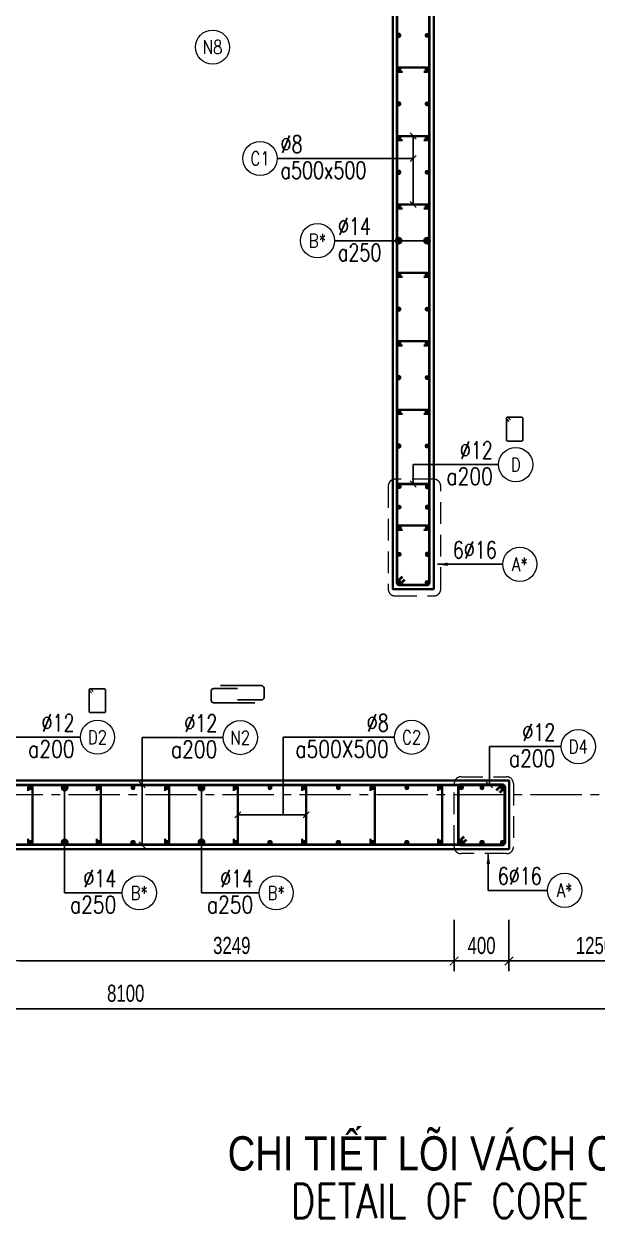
# Model space of a CAD drawing. Header units: millimetres. Extents: x 988833 to 1318015, y -9365 to 47591.
# Drawn here: x 1141246 to 1145433, y 30313 to 39039 of the extents above; entities that cross this region are included whole.
import ezdxf
from ezdxf.enums import TextEntityAlignment as Align

# ---------------------------------------------------------------- set-up
doc = ezdxf.new("R2010")
doc.units = ezdxf.units.MM
doc.header["$MEASUREMENT"] = 0
doc.linetypes.add('HIDDEN2', pattern=[4.7625, 3.175, -1.5875])
doc.linetypes.add('OF_Grid_1$0$CENTER2', pattern=[1.125, 0.75, -0.125, 0.125, -0.125])
doc.layers.get('0').update_dxf_attribs({"lineweight": 20})
doc.layers.get('Defpoints').update_dxf_attribs({"color": 151, "lineweight": 9})
for name, color, linetype, lineweight in [('KC-LEADER', 153, 'Continuous', 18), ('KC-THEP', 6, 'Continuous', 40), ('NDC_S_ANNO', 7, 'Continuous', 20), ('NDC_S_DIM', 1, 'Continuous', 15), ('NDC_S_ENG TITLE', 3, 'Continuous', 20), ('NDC_S_HIDDEN', 8, 'HIDDEN2', 13), ('NDC_S_LEADER', 1, 'Continuous', 15), ('NDC_S_REBAR', 4, 'Continuous', 35), ('NDC_S_STIRRUP', 4, 'Continuous', 40), ('NDC_S_TEXT SYMBOL', 7, 'Continuous', 20), ('NDC_S_VN TEXT', 7, 'Continuous', 20), ('NDC_S_VN TITLE', 6, 'Continuous', 35), ('NDC_S_WALL', 6, 'Continuous', 35), ('OF_Grid_1$0$NDC_S_AXIS', 5, 'OF_Grid_1$0$CENTER2', 13)]:
    doc.layers.add(name, color=color, linetype=linetype, lineweight=lineweight)
doc.layers.add('Leader', color=6, linetype='Continuous')
doc.layers.add('Ligature', color=1, linetype='Continuous')
doc.styles.add('NDC_ANNO', font='', dxfattribs={"width": 0.8})
doc.styles.add('NDC_DIM', font='', dxfattribs={"width": 0.75})
doc.styles.add('NDC_EN TXT', font='romans.shx', dxfattribs={"width": 0.8})
doc.styles.add('NDC_VIE TXT', font='arial.ttf', dxfattribs={"width": 0.8})
doc.styles.get('NDC_ANNO').set_extended_font_data('Dotum')
doc.styles.get('NDC_DIM').set_extended_font_data('Dotum')
doc.dimstyles.new('NDC_dim_30', dxfattribs={"dimscale": 30, "dimtxt": 2.5, "dimasz": 1.5, "dimexe": 1.5, "dimexo": 2.5, "dimgap": 1, "dimtad": 1, "dimdec": 0, "dimzin": 0, "dimdsep": 46, "dimtxsty": 'NDC_DIM', "dimblk": 'DIMMARK', "dimcen": 0.09, "dimdle": 1.2, "dimclrd": 1, "dimclre": 1, "dimclrt": 3, "dimadec": 0, "dimazin": 0, "dimtfac": 1, "dimtdec": 0, "dimtix": 1, "dimtofl": 0, "dimtmove": 0, "dimatfit": 3, "dimfxl": 6, "dimfxlon": 1, "dimtolj": 1, "dimtzin": 0, "dimarcsym": 0})
doc.dimstyles.new('NDC_dim_50', dxfattribs={"dimscale": 50, "dimtxt": 2.5, "dimasz": 1.5, "dimexe": 1.5, "dimexo": 2.5, "dimgap": 1, "dimtad": 1, "dimdec": 0, "dimzin": 0, "dimdsep": 46, "dimtxsty": 'NDC_DIM', "dimblk": 'DIMMARK', "dimcen": 0.09, "dimdle": 1.2, "dimclrd": 1, "dimclre": 1, "dimclrt": 3, "dimadec": 0, "dimazin": 0, "dimtfac": 1, "dimtdec": 0, "dimtix": 1, "dimtofl": 0, "dimtmove": 0, "dimatfit": 3, "dimfxl": 6, "dimfxlon": 1, "dimtolj": 1, "dimtzin": 0, "dimarcsym": 0})

# ---------------------------------------------------------------- blocks, each defined once
blk = doc.blocks.new('Drawing name_symbol')
at = {"layer": 'NDC_S_ENG TITLE', "style": 'NDC_EN TXT', "width": 0.8}
blk.add_attdef('SECTDET1', text='', height=5, dxfattribs=at).set_placement((0, 1.01), align=Align.CENTER)
at = {"layer": 'NDC_S_TEXT SYMBOL', "lineweight": 25, "style": 'NDC_ANNO', "width": 0.8}
blk.add_attdef('SSCALE', text='', height=2.5, dxfattribs=at).set_placement((0, -4), align=Align.CENTER)
at = {"layer": 'NDC_S_VN TITLE', "style": 'NDC_VIE TXT', "width": 0.8}
blk.add_attdef('SECTDET2', text='', height=5, dxfattribs=at).set_placement((0, 7.97), align=Align.CENTER)
blk = doc.blocks.new('THEP')
at = {"layer": 'KC-LEADER', "color": 6}
blk.add_circle((0, 0), 14, dxfattribs=at)
at = {"layer": 'KC-THEP'}
for p, q in [((-14, 0), (14, 0)), ((9.9, 9.9), (-9.9, -9.9)), ((-9.9, 9.9), (9.9, -9.9)), ((0, 14), (0, -14))]:
    blk.add_line(p, q, dxfattribs=at)
blk = doc.blocks.new('DIMMARK')
at = {"layer": 'NDC_S_DIM', "color": 1}
blk.add_line((-1.5, 0), (1, 0), dxfattribs=at)
at = {"layer": 'NDC_S_DIM', "color": 2, "const_width": 0.1}
blk.add_lwpolyline([(-0.42, -0.42), (0.42, 0.42)], dxfattribs=at)
blk = doc.blocks.new('*U9')
blk.add_circle((2.5, 0), 2.5)
at = {"layer": 'NDC_S_VN TEXT', "color": 3, "style": 'NDC_EN TXT', "width": 0.75}
blk.add_attdef('DK2', text='', height=2.5, dxfattribs=at).set_placement((-0.85, 0.85), align=Align.RIGHT)
at = {"layer": 'NDC_S_VN TEXT', "color": 7, "style": 'NDC_EN TXT', "width": 0.8}
blk.add_attdef('SH3', text='', height=2, dxfattribs=at).set_placement((2.5, 0), align=Align.MIDDLE)
blk = doc.blocks.new('*U10')
blk.add_circle((2.5, 0), 2.5)
at = {"layer": 'NDC_S_VN TEXT', "color": 3, "style": 'NDC_EN TXT'}
for tag, width, p in [('DK2', 0.75, (-0.85, 0.85)), ('KC2', 0.8, (-0.85, -2.97))]:
    blk.add_attdef(tag, text='', height=2.5, dxfattribs=dict(at, width=width)).set_placement(p, align=Align.RIGHT)
at = {"layer": 'NDC_S_VN TEXT', "color": 7, "style": 'NDC_EN TXT', "width": 0.8}
blk.add_attdef('SH3', text='', height=2, dxfattribs=at).set_placement((2.5, 0), align=Align.MIDDLE)
blk = doc.blocks.new('A$C72321851')
at = {"layer": 'Ligature'}
for points in [[(-60.9, -129.3), (-60.9, 170.9, -0.414214), (-43.3, 188.5), (25.8, 188.5, -0.414214), (43.4, 170.9), (43.4, -4.3)], [(-39.7, -4.3), (-39.7, -179.5, 0.414214), (-22.1, -197.1), (47, -197.1, 0.414214), (64.6, -179.5), (64.6, 120.7)]]:
    blk.add_lwpolyline(points, format="xyb", dxfattribs=at)
blk = doc.blocks.new('*U11')
blk.add_circle((-2.5, 0), 2.5)
at = {"layer": 'NDC_S_VN TEXT', "color": 3, "style": 'NDC_EN TXT', "width": 0.75}
for tag, p in [('DK1', (0.5, 0.85)), ('KC1', (0.5, -2.97))]:
    blk.add_attdef(tag, p, '', height=2.5, dxfattribs=at)
at = {"layer": 'NDC_S_VN TEXT', "color": 7, "style": 'NDC_EN TXT', "width": 0.8}
blk.add_attdef('SH2', text='', height=2, dxfattribs=at).set_placement((-2.5, 0), align=Align.MIDDLE)
blk = doc.blocks.new('*U12')
blk.add_circle((-2.5, 0), 2.5)
at = {"layer": 'NDC_S_VN TEXT', "color": 3, "style": 'NDC_EN TXT', "width": 0.75}
for tag, p in [('DK1', (0.5, 0.85)), ('KC1', (0.5, -2.97))]:
    blk.add_attdef(tag, p, '', height=2.5, dxfattribs=at)
at = {"layer": 'NDC_S_VN TEXT', "color": 7, "style": 'NDC_EN TXT', "width": 0.8}
blk.add_attdef('SH2', text='', height=2, dxfattribs=at).set_placement((-2.5, 0), align=Align.MIDDLE)
blk = doc.blocks.new('*D687')
at = {"layer": 'Defpoints', "color": 0, "transparency": 16777216}
for p in [(1146040.3, 33009.5), (1137940.3, 32394.8), (1146040.3, 31842.8)]:
    blk.add_point(p, dxfattribs=at)
at = {"layer": 'NDC_S_DIM', "color": 1, "lineweight": -2, "transparency": 16777216}
for p, q in [((1137940.3, 32142.8), (1137940.3, 31767.8)), ((1146040.3, 32142.8), (1146040.3, 31767.8)), ((1138015.3, 31842.8), (1145965.3, 31842.8))]:
    blk.add_line(p, q, dxfattribs=at)
at = {"layer": 'NDC_S_DIM', "color": 1, "lineweight": -2, "transparency": 16777216, "xscale": 75, "yscale": 75, "zscale": 75, "rotation": 180}
blk.add_blockref('DIMMARK', (1137940.3, 31842.8), dxfattribs=at)
at = {"layer": 'NDC_S_DIM', "color": 1, "lineweight": -2, "transparency": 16777216, "xscale": 75, "yscale": 75, "zscale": 75}
blk.add_blockref('DIMMARK', (1146040.3, 31842.8), dxfattribs=at)
at = {"layer": 'NDC_S_DIM', "color": 3, "transparency": 16777216, "insert": (1141990.3, 31955.4), "char_height": 125, "attachment_point": 5, "style": 'NDC_DIM'}
blk.add_mtext('\\A1;8100', dxfattribs=at)
blk = doc.blocks.new('*D688')
at = {"layer": 'Defpoints', "color": 0, "ltscale": 200, "transparency": 16777216}
for p in [(1141140.3, 34220.7), (1144389.5, 33103.5), (1144389.5, 32192)]:
    blk.add_point(p, dxfattribs=at)
at = {"layer": 'NDC_S_DIM', "color": 1, "lineweight": -2, "ltscale": 200, "transparency": 16777216}
for p, q in [((1141140.3, 32492), (1141140.3, 32117)), ((1144389.5, 32492), (1144389.5, 32117)), ((1141215.3, 32192), (1144314.5, 32192))]:
    blk.add_line(p, q, dxfattribs=at)
at = {"layer": 'NDC_S_DIM', "color": 1, "lineweight": -2, "ltscale": 200, "transparency": 16777216, "xscale": 75, "yscale": 75, "zscale": 75, "rotation": 180}
blk.add_blockref('DIMMARK', (1141140.3, 32192), dxfattribs=at)
at = {"layer": 'NDC_S_DIM', "color": 1, "lineweight": -2, "ltscale": 200, "transparency": 16777216, "xscale": 75, "yscale": 75, "zscale": 75}
blk.add_blockref('DIMMARK', (1144389.5, 32192), dxfattribs=at)
at = {"layer": 'NDC_S_DIM', "color": 3, "ltscale": 200, "transparency": 16777216, "insert": (1142764.9, 32304.6), "char_height": 125, "attachment_point": 5, "style": 'NDC_DIM'}
blk.add_mtext('\\A1;3249', dxfattribs=at)
blk = doc.blocks.new('*D689')
at = {"layer": 'Defpoints', "color": 0, "ltscale": 200, "transparency": 16777216}
for p in [(1144389.5, 33103.5), (1144789.5, 33009.5), (1144789.5, 32192)]:
    blk.add_point(p, dxfattribs=at)
at = {"layer": 'NDC_S_DIM', "color": 1, "lineweight": -2, "ltscale": 200, "transparency": 16777216}
for p, q in [((1144389.5, 32492), (1144389.5, 32117)), ((1144789.5, 32492), (1144789.5, 32117)), ((1144464.5, 32192), (1144714.5, 32192))]:
    blk.add_line(p, q, dxfattribs=at)
at = {"layer": 'NDC_S_DIM', "color": 1, "lineweight": -2, "ltscale": 200, "transparency": 16777216, "xscale": 75, "yscale": 75, "zscale": 75, "rotation": 180}
blk.add_blockref('DIMMARK', (1144389.5, 32192), dxfattribs=at)
at = {"layer": 'NDC_S_DIM', "color": 1, "lineweight": -2, "ltscale": 200, "transparency": 16777216, "xscale": 75, "yscale": 75, "zscale": 75}
blk.add_blockref('DIMMARK', (1144789.5, 32192), dxfattribs=at)
at = {"layer": 'NDC_S_DIM', "color": 3, "ltscale": 200, "transparency": 16777216, "insert": (1144589.5, 32304.6), "char_height": 125, "attachment_point": 5, "style": 'NDC_DIM'}
blk.add_mtext('\\A1;400', dxfattribs=at)
blk = doc.blocks.new('*D690')
at = {"layer": 'Defpoints', "color": 0, "ltscale": 200, "transparency": 16777216}
for p in [(1144789.5, 33009.5), (1146039.3, 33009.5), (1146039.3, 32192)]:
    blk.add_point(p, dxfattribs=at)
at = {"layer": 'NDC_S_DIM', "color": 1, "lineweight": -2, "ltscale": 200, "transparency": 16777216}
for p, q in [((1144789.5, 32492), (1144789.5, 32117)), ((1146039.3, 32492), (1146039.3, 32117)), ((1144864.5, 32192), (1145964.3, 32192))]:
    blk.add_line(p, q, dxfattribs=at)
at = {"layer": 'NDC_S_DIM', "color": 1, "lineweight": -2, "ltscale": 200, "transparency": 16777216, "xscale": 75, "yscale": 75, "zscale": 75, "rotation": 180}
blk.add_blockref('DIMMARK', (1144789.5, 32192), dxfattribs=at)
at = {"layer": 'NDC_S_DIM', "color": 1, "lineweight": -2, "ltscale": 200, "transparency": 16777216, "xscale": 75, "yscale": 75, "zscale": 75}
blk.add_blockref('DIMMARK', (1146039.3, 32192), dxfattribs=at)
at = {"layer": 'NDC_S_DIM', "color": 3, "ltscale": 200, "transparency": 16777216, "insert": (1145414.4, 32304.6), "char_height": 125, "attachment_point": 5, "style": 'NDC_DIM'}
blk.add_mtext('\\A1;1250', dxfattribs=at)

msp = doc.modelspace()

# ---------------------------------------------------------------- linework, layer by layer
msp.add_circle((1142624.5, 38868.9), 125)
at = {"layer": 'Ligature'}
for points in [[(1144788.9, 36134.3), (1144772.9, 36150.3, -0.668179), (1144778.7, 36164.2), (1144883.3, 36164.2, -0.414214), (1144891.5, 36156.1), (1144891.5, 35999, -0.414214), (1144883.3, 35990.8), (1144778.7, 35990.8, -0.414214), (1144770.5, 35999), (1144770.5, 36156.1, -0.668179), (1144784.5, 36161.9), (1144800.4, 36145.9)], [(1141741, 34150.3), (1141725, 34166.3, -0.668179), (1141730.8, 34180.2), (1141835.4, 34180.2, -0.414214), (1141843.6, 34172.1), (1141843.6, 34014.9, -0.414214), (1141835.4, 34006.8), (1141730.8, 34006.8, -0.414214), (1141722.6, 34014.9), (1141722.6, 34172.1, -0.668179), (1141736.6, 34177.8), (1141752.5, 34161.9)]]:
    msp.add_lwpolyline(points, format="xyb", dxfattribs=at)
at = {"layer": 'NDC_S_HIDDEN', "ltscale": 50}
for points in [[(1143957.6, 34859.5), (1144241.2, 34859.5, 0.414214), (1144291.2, 34909.5), (1144291.2, 35661.2, 0.414214), (1144241.2, 35711.2), (1143957.6, 35711.2, 0.414214), (1143907.6, 35661.2), (1143907.6, 34909.5, 0.414214)], [(1144439.5, 33538), (1144772.4, 33538, -0.414214), (1144822.4, 33488), (1144822.4, 33026.3, -0.414214), (1144772.4, 32976.3), (1144439.5, 32976.3, -0.414214), (1144389.5, 33026.3), (1144389.5, 33488, -0.414214)]]:
    msp.add_lwpolyline(points, format="xyb", close=True, dxfattribs=at)
at = {"layer": 'NDC_S_REBAR'}
for points in [[(1144168, 38689.5), (1144193, 38689.5, 1), (1144193, 38719.5), (1143986, 38719.5, 1), (1143986, 38689.5), (1144011, 38689.5)], [(1144168, 38189.5), (1144193, 38189.5, 1), (1144193, 38219.5), (1143986, 38219.5, 1), (1143986, 38189.5), (1144011, 38189.5)], [(1144168, 37689.5), (1144193, 37689.5, 1), (1144193, 37719.5), (1143986, 37719.5, 1), (1143986, 37689.5), (1144011, 37689.5)], [(1144168, 37189.5), (1144193, 37189.5, 1), (1144193, 37219.5), (1143986, 37219.5, 1), (1143986, 37189.5), (1144011, 37189.5)], [(1144168, 36689.5), (1144193, 36689.5, 1), (1144193, 36719.5), (1143986, 36719.5, 1), (1143986, 36689.5), (1144011, 36689.5)], [(1144168, 36189.5), (1144193, 36189.5, 1), (1144193, 36219.5), (1143986, 36219.5, 1), (1143986, 36189.5), (1144011, 36189.5)], [(1144168, 35342.6), (1144193, 35342.6, 1), (1144193, 35372.6), (1143986, 35372.6, 1), (1143986, 35342.6), (1144011, 35342.6)], [(1141278.8, 33434.5), (1141278.8, 33459.5, -1), (1141308.8, 33459.5), (1141308.8, 33059.5, -1), (1141278.8, 33059.5), (1141278.8, 33084.5)], [(1141778.8, 33434.5), (1141778.8, 33459.5, -1), (1141808.8, 33459.5), (1141808.8, 33059.5, -1), (1141778.8, 33059.5), (1141778.8, 33084.5)], [(1142278.8, 33434.5), (1142278.8, 33459.5, -1), (1142308.8, 33459.5), (1142308.8, 33059.5, -1), (1142278.8, 33059.5), (1142278.8, 33084.5)], [(1142778.8, 33434.5), (1142778.8, 33459.5, -1), (1142808.8, 33459.5), (1142808.8, 33059.5, -1), (1142778.8, 33059.5), (1142778.8, 33084.5)], [(1143278.8, 33434.5), (1143278.8, 33459.5, -1), (1143308.8, 33459.5), (1143308.8, 33059.5, -1), (1143278.8, 33059.5), (1143278.8, 33084.5)], [(1143778.8, 33434.5), (1143778.8, 33459.5, -1), (1143808.8, 33459.5), (1143808.8, 33059.5, -1), (1143778.8, 33059.5), (1143778.8, 33084.5)], [(1144271.8, 33434.5), (1144271.8, 33459.5, -1), (1144301.8, 33459.5), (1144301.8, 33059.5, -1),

> [TASK OBJECTIVE]:
Work through the records line by line, and once you reach the final line, report only how many held "ezdxf".

> [THE COMPLETED TASK]:
4